All my life, I've had a surname that the average English Language speaker finds horribly difficult: Czerkawska. The trouble started when everyone else at school was learning to spell Smith and Jones, whereas I was wrestling with that difficult juxtaposition of ten letters.
To be fair, I eventually married a man with a very simple surname, but by that stage, I had been writing professionally under my own name for so long that changing it seemed like madness. (Or that's what my agent at the time told me.) Besides, I like my name. It has a long and interesting history. And I learned to spell it years ago. But the problem is that although people remember it, kind of, they don't remember exactly what it is. So they say "you know, that Polish writer. The one with the funny name."
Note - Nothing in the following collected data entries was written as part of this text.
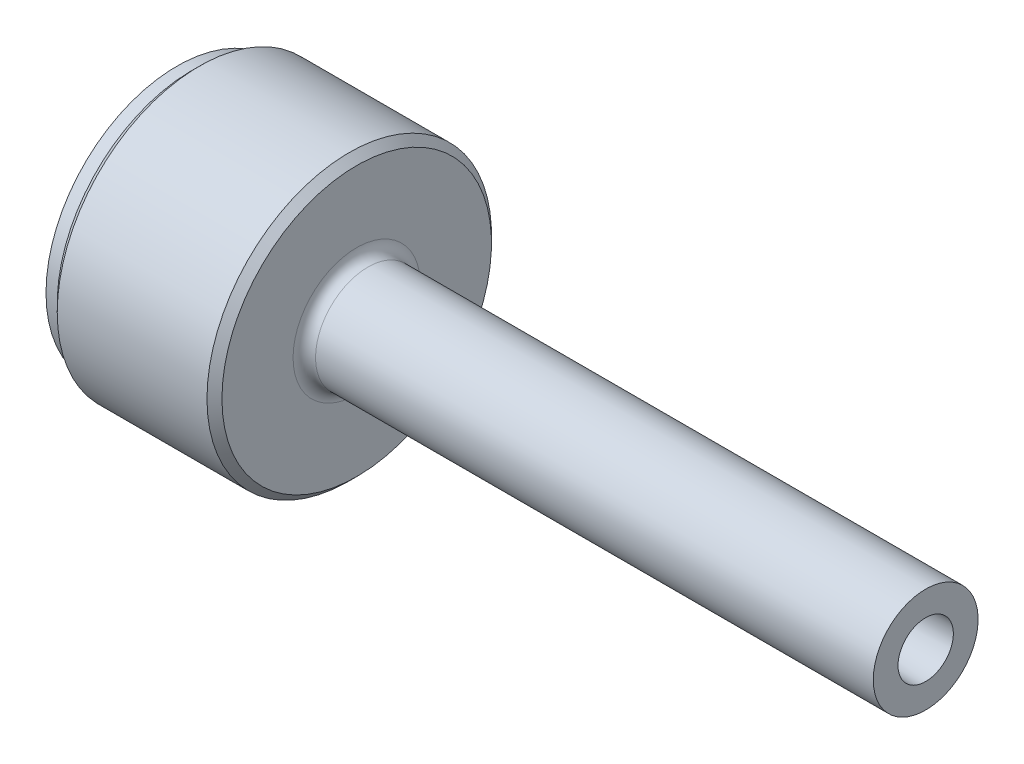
ISO-10303-21;
HEADER;
FILE_DESCRIPTION(('STEP AP214'),'2;1');
FILE_NAME('part.step','',(''),(''),'','','');
FILE_SCHEMA(('AUTOMOTIVE_DESIGN { 1 0 10303 214 1 1 1 1 }'));
ENDSEC;
DATA;
#1=APPLICATION_CONTEXT('core data for automotive mechanical design processes');
#2=APPLICATION_PROTOCOL_DEFINITION('international standard','automotive_design',2000,#1);
#3=PRODUCT_CONTEXT('',#1,'mechanical');
#4=PRODUCT('Part','Part','',(#3));
#5=PRODUCT_RELATED_PRODUCT_CATEGORY('part','',(#4));
#6=PRODUCT_DEFINITION_FORMATION('','',#4);
#7=PRODUCT_DEFINITION_CONTEXT('part definition',#1,'design');
#8=PRODUCT_DEFINITION('design','',#6,#7);
#9=PRODUCT_DEFINITION_SHAPE('','',#8);
#10=(LENGTH_UNIT() NAMED_UNIT(*) SI_UNIT(.MILLI.,.METRE.));
#11=(NAMED_UNIT(*) PLANE_ANGLE_UNIT() SI_UNIT($,.RADIAN.));
#12=(NAMED_UNIT(*) SI_UNIT($,.STERADIAN.) SOLID_ANGLE_UNIT());
#13=UNCERTAINTY_MEASURE_WITH_UNIT(LENGTH_MEASURE(1.E-05),#10,'distance_accuracy_value','');
#14=(GEOMETRIC_REPRESENTATION_CONTEXT(3) GLOBAL_UNCERTAINTY_ASSIGNED_CONTEXT((#13)) GLOBAL_UNIT_ASSIGNED_CONTEXT((#10,
#11,#12)) REPRESENTATION_CONTEXT('',''));
#15=CARTESIAN_POINT('',(0.,0.,0.));
#16=DIRECTION('',(0.,0.,1.));
#17=DIRECTION('',(1.,0.,0.));
#18=AXIS2_PLACEMENT_3D('',#15,#16,#17);
#19=CARTESIAN_POINT('',(100.,7.,0.));
#20=DIRECTION('',(-1.,0.,0.));
#21=DIRECTION('',(0.,0.,1.));
#22=AXIS2_PLACEMENT_3D('',#19,#20,#21);
#23=PLANE('',#22);
#24=CARTESIAN_POINT('',(100.,0.,0.));
#25=DIRECTION('',(-1.,0.,0.));
#26=DIRECTION('',(0.,0.,1.));
#27=AXIS2_PLACEMENT_3D('',#24,#25,#26);
#28=CIRCLE('',#27,7.);
#29=CARTESIAN_POINT('',(100.,0.,7.));
#30=VERTEX_POINT('',#29);
#31=EDGE_CURVE('E40',#30,#30,#28,.T.);
#32=ORIENTED_EDGE('',*,*,#31,.F.);
#33=EDGE_LOOP('',(#32));
#34=FACE_BOUND('',#33,.T.);
#35=CARTESIAN_POINT('',(100.,0.,0.));
#36=DIRECTION('',(-1.,0.,0.));
#37=DIRECTION('',(0.,0.,1.));
#38=AXIS2_PLACEMENT_3D('',#35,#36,#37);
#39=CIRCLE('',#38,3.69314129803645);
#40=CARTESIAN_POINT('',(100.,0.,3.69314129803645));
#41=VERTEX_POINT('',#40);
#42=EDGE_CURVE('E55',#41,#41,#39,.T.);
#43=ORIENTED_EDGE('',*,*,#42,.T.);
#44=EDGE_LOOP('',(#43));
#45=FACE_BOUND('',#44,.T.);
#46=ADVANCED_FACE('F14',(#34,#45),#23,.F.);
#47=CARTESIAN_POINT('',(0.,0.,0.));
#48=DIRECTION('',(-1.,0.,0.));
#49=DIRECTION('',(0.,0.,1.));
#50=AXIS2_PLACEMENT_3D('',#47,#48,#49);
#51=CYLINDRICAL_SURFACE('',#50,7.);
#52=CARTESIAN_POINT('',(25.5,0.,0.));
#53=DIRECTION('',(-1.,0.,0.));
#54=DIRECTION('',(0.,0.,1.));
#55=AXIS2_PLACEMENT_3D('',#52,#53,#54);
#56=CIRCLE('',#55,7.);
#57=CARTESIAN_POINT('',(25.5,0.,7.));
#58=VERTEX_POINT('',#57);
#59=EDGE_CURVE('E9',#58,#58,#56,.F.);
#60=ORIENTED_EDGE('',*,*,#59,.T.);
#61=EDGE_LOOP('',(#60));
#62=FACE_BOUND('',#61,.T.);
#63=ORIENTED_EDGE('',*,*,#31,.T.);
#64=EDGE_LOOP('',(#63));
#65=FACE_BOUND('',#64,.T.);
#66=ADVANCED_FACE('F99',(#62,#65),#51,.T.);
#67=CARTESIAN_POINT('',(24.,19.,0.));
#68=DIRECTION('',(-1.,0.,0.));
#69=DIRECTION('',(0.,0.,1.));
#70=AXIS2_PLACEMENT_3D('',#67,#68,#69);
#71=PLANE('',#70);
#72=CARTESIAN_POINT('',(24.,0.,0.));
#73=DIRECTION('',(-1.,0.,0.));
#74=DIRECTION('',(0.,0.,1.));
#75=AXIS2_PLACEMENT_3D('',#72,#73,#74);
#76=CIRCLE('',#75,8.5);
#77=CARTESIAN_POINT('',(24.,0.,8.5));
#78=VERTEX_POINT('',#77);
#79=EDGE_CURVE('E21',#78,#78,#76,.T.);
#80=ORIENTED_EDGE('',*,*,#79,.T.);
#81=EDGE_LOOP('',(#80));
#82=FACE_BOUND('',#81,.T.);
#83=CARTESIAN_POINT('',(24.,0.,0.));
#84=DIRECTION('',(-1.,0.,0.));
#85=DIRECTION('',(0.,0.,1.));
#86=AXIS2_PLACEMENT_3D('',#83,#84,#85);
#87=CIRCLE('',#86,18.);
#88=CARTESIAN_POINT('',(24.,0.,18.));
#89=VERTEX_POINT('',#88);
#90=EDGE_CURVE('E29',#89,#89,#87,.F.);
#91=ORIENTED_EDGE('',*,*,#90,.T.);
#92=EDGE_LOOP('',(#91));
#93=FACE_BOUND('',#92,.T.);
#94=ADVANCED_FACE('F95',(#82,#93),#71,.F.);
#95=CARTESIAN_POINT('',(0.,0.,0.));
#96=DIRECTION('',(-1.,0.,0.));
#97=DIRECTION('',(0.,0.,1.));
#98=AXIS2_PLACEMENT_3D('',#95,#96,#97);
#99=CYLINDRICAL_SURFACE('',#98,19.);
#100=CARTESIAN_POINT('',(23.,0.,0.));
#101=DIRECTION('',(-1.,0.,0.));
#102=DIRECTION('',(0.,0.,1.));
#103=AXIS2_PLACEMENT_3D('',#100,#101,#102);
#104=CIRCLE('',#103,19.);
#105=CARTESIAN_POINT('',(23.,0.,19.));
#106=VERTEX_POINT('',#105);
#107=EDGE_CURVE('E34',#106,#106,#104,.T.);
#108=ORIENTED_EDGE('',*,*,#107,.T.);
#109=EDGE_LOOP('',(#108));
#110=FACE_BOUND('',#109,.T.);
#111=CARTESIAN_POINT('',(3.,0.,0.));
#112=DIRECTION('',(1.,0.,0.));
#113=DIRECTION('',(0.,0.,-1.));
#114=AXIS2_PLACEMENT_3D('',#111,#112,#113);
#115=CIRCLE('',#114,19.);
#116=CARTESIAN_POINT('',(3.,0.,-19.));
#117=VERTEX_POINT('',#116);
#118=EDGE_CURVE('E37',#117,#117,#115,.T.);
#119=ORIENTED_EDGE('',*,*,#118,.T.);
#120=EDGE_LOOP('',(#119));
#121=FACE_BOUND('',#120,.T.);
#122=ADVANCED_FACE('F87',(#110,#121),#99,.T.);
#123=CARTESIAN_POINT('',(2.,17.5,0.));
#124=DIRECTION('',(1.,0.,0.));
#125=DIRECTION('',(0.,0.,-1.));
#126=AXIS2_PLACEMENT_3D('',#123,#124,#125);
#127=PLANE('',#126);
#128=CARTESIAN_POINT('',(2.,0.,0.));
#129=DIRECTION('',(1.,0.,0.));
#130=DIRECTION('',(0.,0.,-1.));
#131=AXIS2_PLACEMENT_3D('',#128,#129,#130);
#132=CIRCLE('',#131,18.);
#133=CARTESIAN_POINT('',(2.,0.,-18.));
#134=VERTEX_POINT('',#133);
#135=EDGE_CURVE('E25',#134,#134,#132,.F.);
#136=ORIENTED_EDGE('',*,*,#135,.T.);
#137=EDGE_LOOP('',(#136));
#138=FACE_BOUND('',#137,.T.);
#139=CARTESIAN_POINT('',(2.,0.,0.));
#140=DIRECTION('',(-1.,0.,0.));
#141=DIRECTION('',(0.,0.,1.));
#142=AXIS2_PLACEMENT_3D('',#139,#140,#141);
#143=CIRCLE('',#142,17.5);
#144=CARTESIAN_POINT('',(2.,0.,17.5));
#145=VERTEX_POINT('',#144);
#146=EDGE_CURVE('E43',#145,#145,#143,.T.);
#147=ORIENTED_EDGE('',*,*,#146,.F.);
#148=EDGE_LOOP('',(#147));
#149=FACE_BOUND('',#148,.T.);
#150=ADVANCED_FACE('F82',(#138,#149),#127,.F.);
#151=CARTESIAN_POINT('',(0.,0.,0.));
#152=DIRECTION('',(-1.,0.,0.));
#153=DIRECTION('',(0.,0.,1.));
#154=AXIS2_PLACEMENT_3D('',#151,#152,#153);
#155=CYLINDRICAL_SURFACE('',#154,17.5);
#156=CARTESIAN_POINT('',(0.,0.,0.));
#157=DIRECTION('',(-1.,0.,0.));
#158=DIRECTION('',(0.,0.,1.));
#159=AXIS2_PLACEMENT_3D('',#156,#157,#158);
#160=CIRCLE('',#159,17.5);
#161=CARTESIAN_POINT('',(0.,0.,17.5));
#162=VERTEX_POINT('',#161);
#163=EDGE_CURVE('E46',#162,#162,#160,.T.);
#164=ORIENTED_EDGE('',*,*,#163,.F.);
#165=EDGE_LOOP('',(#164));
#166=FACE_BOUND('',#165,.T.);
#167=ORIENTED_EDGE('',*,*,#146,.T.);
#168=EDGE_LOOP('',(#167));
#169=FACE_BOUND('',#168,.T.);
#170=ADVANCED_FACE('F76',(#166,#169),#155,.T.);
#171=CARTESIAN_POINT('',(0.,8.9624151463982,0.));
#172=DIRECTION('',(1.,0.,0.));
#173=DIRECTION('',(0.,0.,-1.));
#174=AXIS2_PLACEMENT_3D('',#171,#172,#173);
#175=PLANE('',#174);
#176=CARTESIAN_POINT('',(0.,0.,0.));
#177=DIRECTION('',(-1.,0.,0.));
#178=DIRECTION('',(0.,0.,1.));
#179=AXIS2_PLACEMENT_3D('',#176,#177,#178);
#180=CIRCLE('',#179,8.9624151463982);
#181=CARTESIAN_POINT('',(0.,0.,8.9624151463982));
#182=VERTEX_POINT('',#181);
#183=EDGE_CURVE('E49',#182,#182,#180,.T.);
#184=ORIENTED_EDGE('',*,*,#183,.F.);
#185=EDGE_LOOP('',(#184));
#186=FACE_BOUND('',#185,.T.);
#187=ORIENTED_EDGE('',*,*,#163,.T.);
#188=EDGE_LOOP('',(#187));
#189=FACE_BOUND('',#188,.T.);
#190=ADVANCED_FACE('F70',(#186,#189),#175,.F.);
#191=CARTESIAN_POINT('',(-11.8284890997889,0.,0.));
#192=DIRECTION('',(-1.,0.,0.));
#193=DIRECTION('',(0.,0.,1.));
#194=AXIS2_PLACEMENT_3D('',#191,#192,#193);
#195=DEGENERATE_TOROIDAL_SURFACE('',#194,0.261837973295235,15.,.F.);
#196=CARTESIAN_POINT('',(3.,0.,0.));
#197=DIRECTION('',(-1.,0.,0.));
#198=DIRECTION('',(0.,0.,1.));
#199=AXIS2_PLACEMENT_3D('',#196,#197,#198);
#200=CIRCLE('',#199,2.);
#201=CARTESIAN_POINT('',(3.,0.,2.));
#202=VERTEX_POINT('',#201);
#203=EDGE_CURVE('E52',#202,#202,#200,.T.);
#204=ORIENTED_EDGE('',*,*,#203,.F.);
#205=EDGE_LOOP('',(#204));
#206=FACE_BOUND('',#205,.T.);
#207=ORIENTED_EDGE('',*,*,#183,.T.);
#208=EDGE_LOOP('',(#207));
#209=FACE_BOUND('',#208,.T.);
#210=ADVANCED_FACE('F64',(#206,#209),#195,.T.);
#211=CARTESIAN_POINT('',(3.,0.,0.));
#212=DIRECTION('',(1.,0.,0.));
#213=DIRECTION('',(0.,0.,-1.));
#214=AXIS2_PLACEMENT_3D('',#211,#212,#213);
#215=CONICAL_SURFACE('',#214,2.,0.0174532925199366);
#216=ORIENTED_EDGE('',*,*,#42,.F.);
#217=EDGE_LOOP('',(#216));
#218=FACE_BOUND('',#217,.T.);
#219=ORIENTED_EDGE('',*,*,#203,.T.);
#220=EDGE_LOOP('',(#219));
#221=FACE_BOUND('',#220,.T.);
#222=ADVANCED_FACE('F60',(#218,#221),#215,.F.);
#223=CARTESIAN_POINT('',(23.,0.,0.));
#224=DIRECTION('',(-1.,0.,0.));
#225=DIRECTION('',(0.,0.,1.));
#226=AXIS2_PLACEMENT_3D('',#223,#224,#225);
#227=CONICAL_SURFACE('',#226,19.,0.78539816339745);
#228=ORIENTED_EDGE('',*,*,#90,.F.);
#229=EDGE_LOOP('',(#228));
#230=FACE_BOUND('',#229,.T.);
#231=ORIENTED_EDGE('',*,*,#107,.F.);
#232=EDGE_LOOP('',(#231));
#233=FACE_BOUND('',#232,.T.);
#234=ADVANCED_FACE('F63',(#230,#233),#227,.T.);
#235=CARTESIAN_POINT('',(2.,0.,0.));
#236=DIRECTION('',(1.,0.,0.));
#237=DIRECTION('',(0.,0.,-1.));
#238=AXIS2_PLACEMENT_3D('',#235,#236,#237);
#239=CONICAL_SURFACE('',#238,18.,0.78539816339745);
#240=ORIENTED_EDGE('',*,*,#118,.F.);
#241=EDGE_LOOP('',(#240));
#242=FACE_BOUND('',#241,.T.);
#243=ORIENTED_EDGE('',*,*,#135,.F.);
#244=EDGE_LOOP('',(#243));
#245=FACE_BOUND('',#244,.T.);
#246=ADVANCED_FACE('F111',(#242,#245),#239,.T.);
#247=CARTESIAN_POINT('',(25.5,0.,0.));
#248=DIRECTION('',(-1.,0.,0.));
#249=DIRECTION('',(0.,0.,1.));
#250=AXIS2_PLACEMENT_3D('',#247,#248,#249);
#251=TOROIDAL_SURFACE('',#250,8.5,1.5);
#252=ORIENTED_EDGE('',*,*,#59,.F.);
#253=EDGE_LOOP('',(#252));
#254=FACE_BOUND('',#253,.T.);
#255=ORIENTED_EDGE('',*,*,#79,.F.);
#256=EDGE_LOOP('',(#255));
#257=FACE_BOUND('',#256,.T.);
#258=ADVANCED_FACE('F16',(#254,#257),#251,.F.);
#259=CLOSED_SHELL('',(#46,#66,#94,#122,#150,#170,#190,#210,#222,#234,#246,#258));
#260=MANIFOLD_SOLID_BREP('B1',#259);
#261=ADVANCED_BREP_SHAPE_REPRESENTATION('',(#18,#260),#14);
#262=SHAPE_DEFINITION_REPRESENTATION(#9,#261);
ENDSEC;
END-ISO-10303-21;

In late 2004, having written for BBC radio, television and theatre for many years I learned that my novel The Curiosity Cabinet had been shortlisted for the Dundee Book Prize, and was to be published by Polygon in 2005. My (new) agent and I agreed that a name change might be in order at last, and I was prepared to go along with anything reasonable. But Polygon were dismayed. We've done the publicity, they said. And we've done it under your own name. So there I was, stuck with it. I could almost hear my dear late dad chuckling. He wouldn't have approved of the change anyway.
Now, with a new year on the way, and the novel published to a certain amount of success, I've finally decided to stay with Czerkawska for the time being - although I'm well aware that there are many writers who publish under a string of different "identities". I sometimes feel like the original europerson. My father was Polish with a little bit of Hungarian thrown in, my mother was half English and half Irish. I was born in England but moved to Scotland when I was twelve. Now I'm married to a Scottish Liverpudlian, and - having travelled about a bit - still live and work in Scotland. As a full time freelance writer, I've tried my hand at all kinds of work from poems to plays and novels, always pursuing that elusive thing "my own voice". I've won the odd prize along the way. I've done quite a lot of commercial writing, working to a company brief. And of course I've taught creative writing as well. One thing I've learned, over the years, is that in searching for your own unique voice, you also have to want to communicate - and to have something reasonably interesting to say...
So all this is by way of an introduction. I'll often be writing about writing: sometimes my own and sometimes offering a bit of advice for other aspiring writers from the depths of my experience (I almost wrote "despair".)
I make no apology for the fact that my writing often has a Scottish flavour. After all, I've lived in deepest rural Scotland for many years now. But struggling to make a living in this wonderful, difficult, frustrating profession, has also given me a certain cynical perspective on all kinds of things. So I make no apology for being opinionated, and occasionally provocative. And if I can entertain a handful of people, and start a debate or two, so much the better. More later!